On the finish of “Anna Karenina,” Konstantin Levin, the much less well-known of the novel’s two primary protagonists, muses on his isolation amid a loving household. Not like Anna, he has a contented marriage. His spouse, Kitty, and son, Mitya, deliver him nice pleasure, and he feels that his existence “has the unquestionable that means of the nice.” Nonetheless, he’s seen that there’s a “wall between my soul’s holy of holies and different folks, even my spouse.” There are limits to the intimacy that helps give his life that means, and so they vex him.
Does anyone actually know you? It’s a query that arises at odd moments—typically, perversely, after we’re surrounded by individuals who know us nicely. Immediately, we grow to be aware of an internal sanctum they’ve by no means breached. Like Levin, we’d really feel subtly personal. Extra dramatically, we’d understand ourselves as misplaced, deserted, as if we’re passing by means of the world unnoticed. Maybe we’re carrying a masks that others are too inattentive to look behind; or possibly we’re simply too deep to know. There are numerous variations on a central theme: others sail to our shores, they even disembark, however they by no means fairly enterprise into our unexplored interiors. This could be a supply of sorrow, or a aid.
Like many individuals, I felt most unknown once I was a teen-ager. (“I’m a rock / I’m an island,” as Simon and Garfunkel sang.) It’s straightforward to suppose that nobody actually is aware of you in adolescence, when your life is altering quick. However a sensation of unknownness has typically stolen over me in midlife, too. A couple of years in the past, whereas clearing some belongings out of my mom’s home, I found containers of my outdated diaries, letters, and images; embarrassed, I threw most of them away. For days afterward, the discarded issues weighed on me, not due to what they contained however as a result of they represented elements of my life that nobody besides me would ever learn about. Extra not too long ago, confronted with too many obligations at work and at dwelling, I had the impression that the “actual me” was changing into submerged beneath a cheerful, bustling exterior. Because the weeks handed, I virtually appeared to be dwelling a secret life. I puzzled why nobody noticed what was occurring with me. Apparently, I used to be extra unknown than I’d thought.
These had been small episodes of unknownness: within the latter case, my feeling dissipated as quickly as I shared it with my spouse. Nevertheless it’s attainable, possibly even frequent, to really feel that no one actually is aware of you in a extra basic, even existential approach. Like the principle character within the Beatles’ “Eleanor Rigby,” you might discover that the passage of time has rendered you unknowable: your life story is so lengthy that folks surprise who you might be and the place you’ve come from. Often, we find out about individuals who maintained a second household hidden from the primary; presumably, this scattered, duplicitous lifestyle made them inconceivable to know. After which there are those that, just like the Most Attention-grabbing Man within the World, from the Dos Equis commercials (“His beard alone has skilled greater than a lesser man’s total physique”), lead lives so epic that others can’t actually comprehend them.
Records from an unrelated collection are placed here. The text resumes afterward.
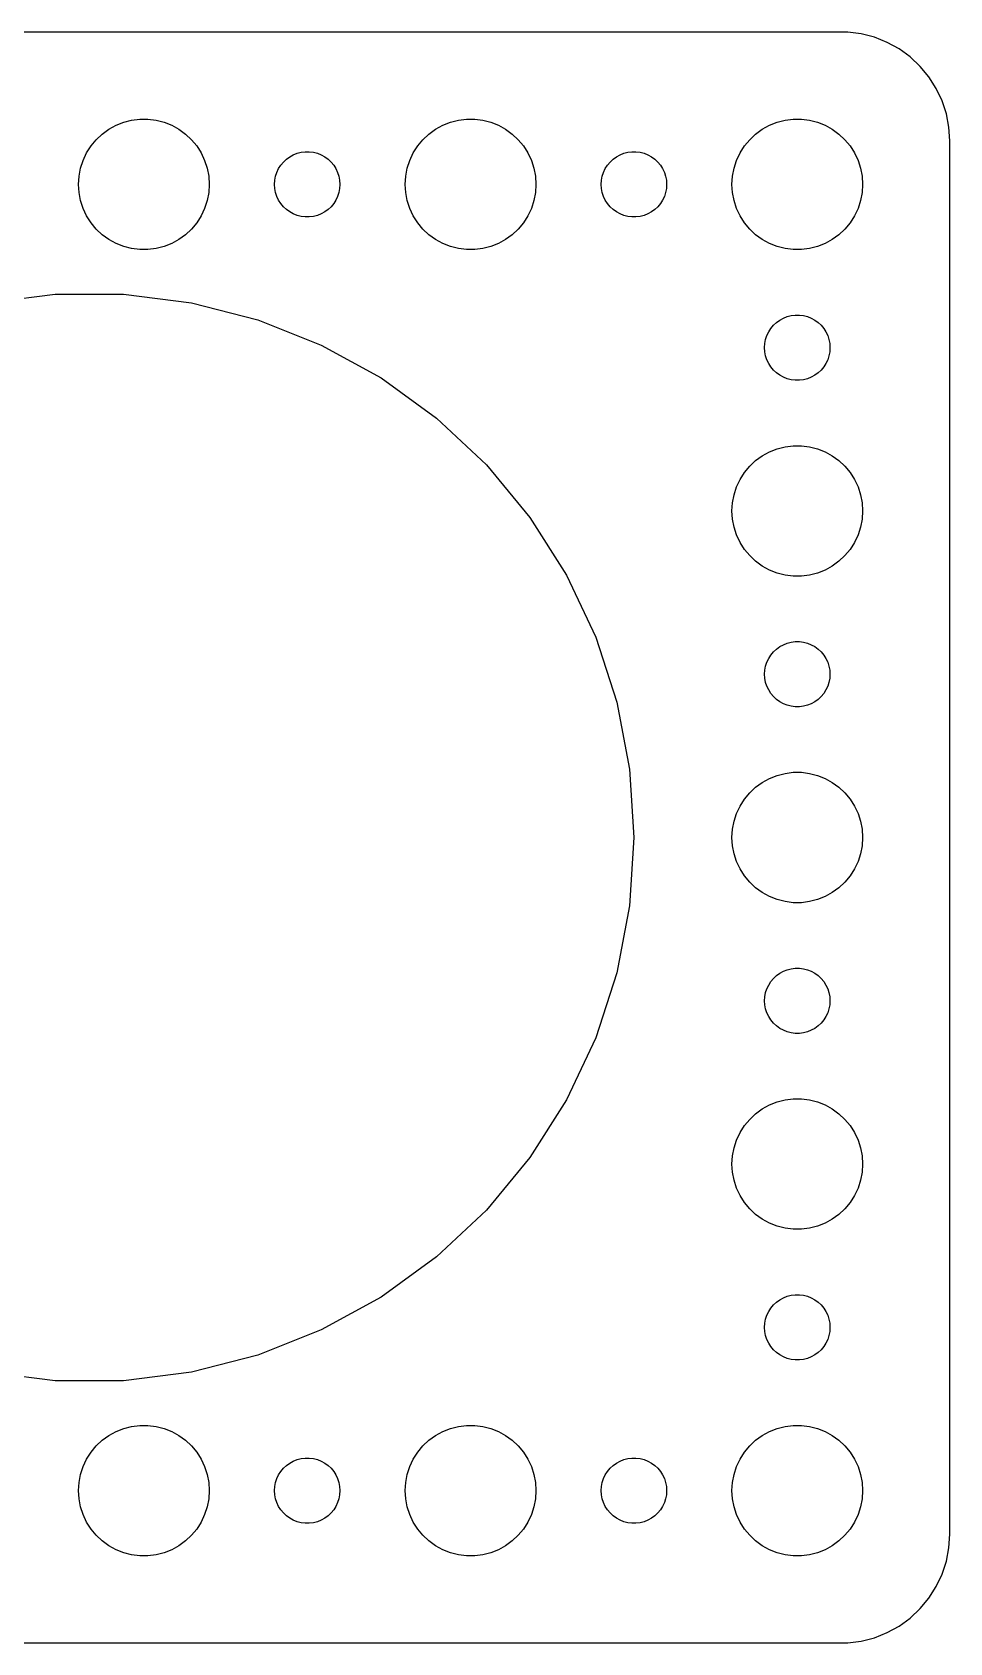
# Model space of a CAD drawing. Header units: metres. Extents: x -150 to 150, y -37 to 37.
# Drawn here: x 107.4 to 149.5, y -37 to 37 of the extents above; entities that cross this region are included whole.
import ezdxf

# ---------------------------------------------------------------- set-up
doc = ezdxf.new("R2010")
doc.units = ezdxf.units.M

msp = doc.modelspace()

# ---------------------------------------------------------------- linework, layer by layer
for p, q in [((144.814, 36.9901), (-144.814, 36.9901)), ((145.437, 36.9114), (144.814, 36.9901)), ((146.045, 36.7553), (145.437, 36.9114)), ((146.629, 36.5241), (146.045, 36.7553)), ((147.179, 36.2216), (146.629, 36.5241)), ((147.687, 35.8526), (147.179, 36.2216)), ((148.145, 35.4227), (147.687, 35.8526)), ((148.545, 34.9389), (148.145, 35.4227)), ((148.882, 34.4088), (148.545, 34.9389)), ((149.149, 33.8406), (148.882, 34.4088)), ((149.343, 33.2434), (149.149, 33.8406)), ((110.893, 32.533), (111.223, 32.7145)), ((111.223, 32.7145), (111.573, 32.8532)), ((111.573, 32.8532), (111.938, 32.9469)), ((111.938, 32.9469), (112.312, 32.9941)), ((112.312, 32.9941), (112.688, 32.9941)), ((112.688, 32.9941), (113.062, 32.9469)), ((113.062, 32.9469), (113.427, 32.8532)), ((113.427, 32.8532), (113.777, 32.7145)), ((113.777, 32.7145), (114.107, 32.533)), ((125.893, 32.533), (126.223, 32.7145)), ((126.223, 32.7145), (126.573, 32.8532)), ((126.573, 32.8532), (126.938, 32.9469)), ((126.938, 32.9469), (127.312, 32.9941)), ((127.312, 32.9941), (127.688, 32.9941)), ((127.688, 32.9941), (128.062, 32.9469)), ((128.062, 32.9469), (128.427, 32.8532)), ((128.427, 32.8532), (128.777, 32.7145)), ((128.777, 32.7145), (129.107, 32.533)), ((140.893, 32.533), (141.223, 32.7145)), ((141.223, 32.7145), (141.573, 32.8532)), ((141.573, 32.8532), (141.938, 32.9469)), ((141.938, 32.9469), (142.312, 32.9941)), ((142.312, 32.9941), (142.688, 32.9941)), ((142.688, 32.9941), (143.062, 32.9469)), ((143.062, 32.9469), (143.427, 32.8532)), ((143.427, 32.8532), (143.777, 32.7145)), ((143.777, 32.7145), (144.107, 32.533)), ((149.461, 32.6267), (149.343, 33.2434)), ((149.5, 32), (149.461, 32.6267)), ((110.073, 31.7634), (110.313, 32.0536)), ((110.313, 32.0536), (110.588, 32.3115)), ((110.588, 32.3115), (110.893, 32.533)), ((114.107, 32.533), (114.412, 32.3115)), ((114.412, 32.3115), (114.687, 32.0536)), ((114.687, 32.0536), (114.927, 31.7634)), ((125.073, 31.7634), (125.313, 32.0536)), ((125.313, 32.0536), (125.588, 32.3115)), ((125.588, 32.3115), (125.893, 32.533)), ((129.107, 32.533), (129.412, 32.3115)), ((129.412, 32.3115), (129.687, 32.0536)), ((129.687, 32.0536), (129.927, 31.7634)), ((140.073, 31.7634), (140.313, 32.0536)), ((140.313, 32.0536), (140.588, 32.3115)), ((140.588, 32.3115), (140.893, 32.533)), ((144.107, 32.533), (144.412, 32.3115)), ((144.412, 32.3115), (144.687, 32.0536)), ((144.687, 32.0536), (144.927, 31.7634)), ((149.5, -32), (149.5, 32)), ((109.594, 30.7461), (109.711, 31.1044)), ((109.711, 31.1044), (109.871, 31.4453)), ((109.871, 31.4453), (110.073, 31.7634)), ((114.927, 31.7634), (115.129, 31.4453)), ((115.129, 31.4453), (115.289, 31.1044)), ((115.289, 31.1044), (115.406, 30.7461)), ((118.907, 31.0268), (119.044, 31.1558)), ((119.044, 31.1558), (119.196, 31.2665)), ((119.196, 31.2665), (119.361, 31.3572)), ((119.361, 31.3572), (119.536, 31.4266)), ((119.536, 31.4266), (119.719, 31.4734)), ((119.719, 31.4734), (119.906, 31.497)), ((119.906, 31.497), (120.094, 31.497)), ((120.094, 31.497), (120.281, 31.4734)), ((120.281, 31.4734), (120.464, 31.4266)), ((120.464, 31.4266), (120.639, 31.3572)), ((120.639, 31.3572), (120.804, 31.2665)), ((120.804, 31.2665), (120.956, 31.1558)), ((120.956, 31.1558), (121.093, 31.0268)), ((124.594, 30.7461), (124.711, 31.1044)), ((124.711, 31.1044), (124.871, 31.4453)), ((124.871, 31.4453), (125.073, 31.7634)), ((129.927, 31.7634), (130.129, 31.4453)), ((130.129, 31.4453), (130.289, 31.1044)), ((130.289, 31.1044), (130.406, 30.7461)), ((133.907, 31.0268), (134.044, 31.1558)), ((134.044, 31.1558), (134.196, 31.2665)), ((134.196, 31.2665), (134.361, 31.3572)), ((134.361, 31.3572), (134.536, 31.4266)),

You could really feel that you simply’re unknown due to your nature, your circumstances, or your story. However the feeling itself, for all its intuitiveness, conceals some strangeness. What, precisely, is there to know? And who’re you, anyway?
At a current dinner, the group of individuals I used to be with carried out a survey. About half of us felt that there was someone who actually knew us. “I image a Venn diagram,” a person stated. One circle contained all there was to learn about him, and the opposite what another person knew. The extra the circles overlapped, the extra he was actually identified.
Is that how being identified by different folks works? Presumably. It stands to purpose that the individuals who actually know us additionally know so much about us. Then again, it’s attainable for somebody to know so much about you with out actually understanding you; their information may not cross a sure threshold. Take your dad and mom: they know so much about you, and have the naked-baby photos to show it, however they could not know the belongings you need them to. Maybe they’re extra linked with the “outdated you” than with you as you are actually; they see you, frustratingly, as a child. Or they may maintain an unrealistic view of you, motivated partly by love, each for you and for themselves. They wish to be the dad and mom of a sure form of particular person, and they also don’t wish to learn about sure features of their precise little one.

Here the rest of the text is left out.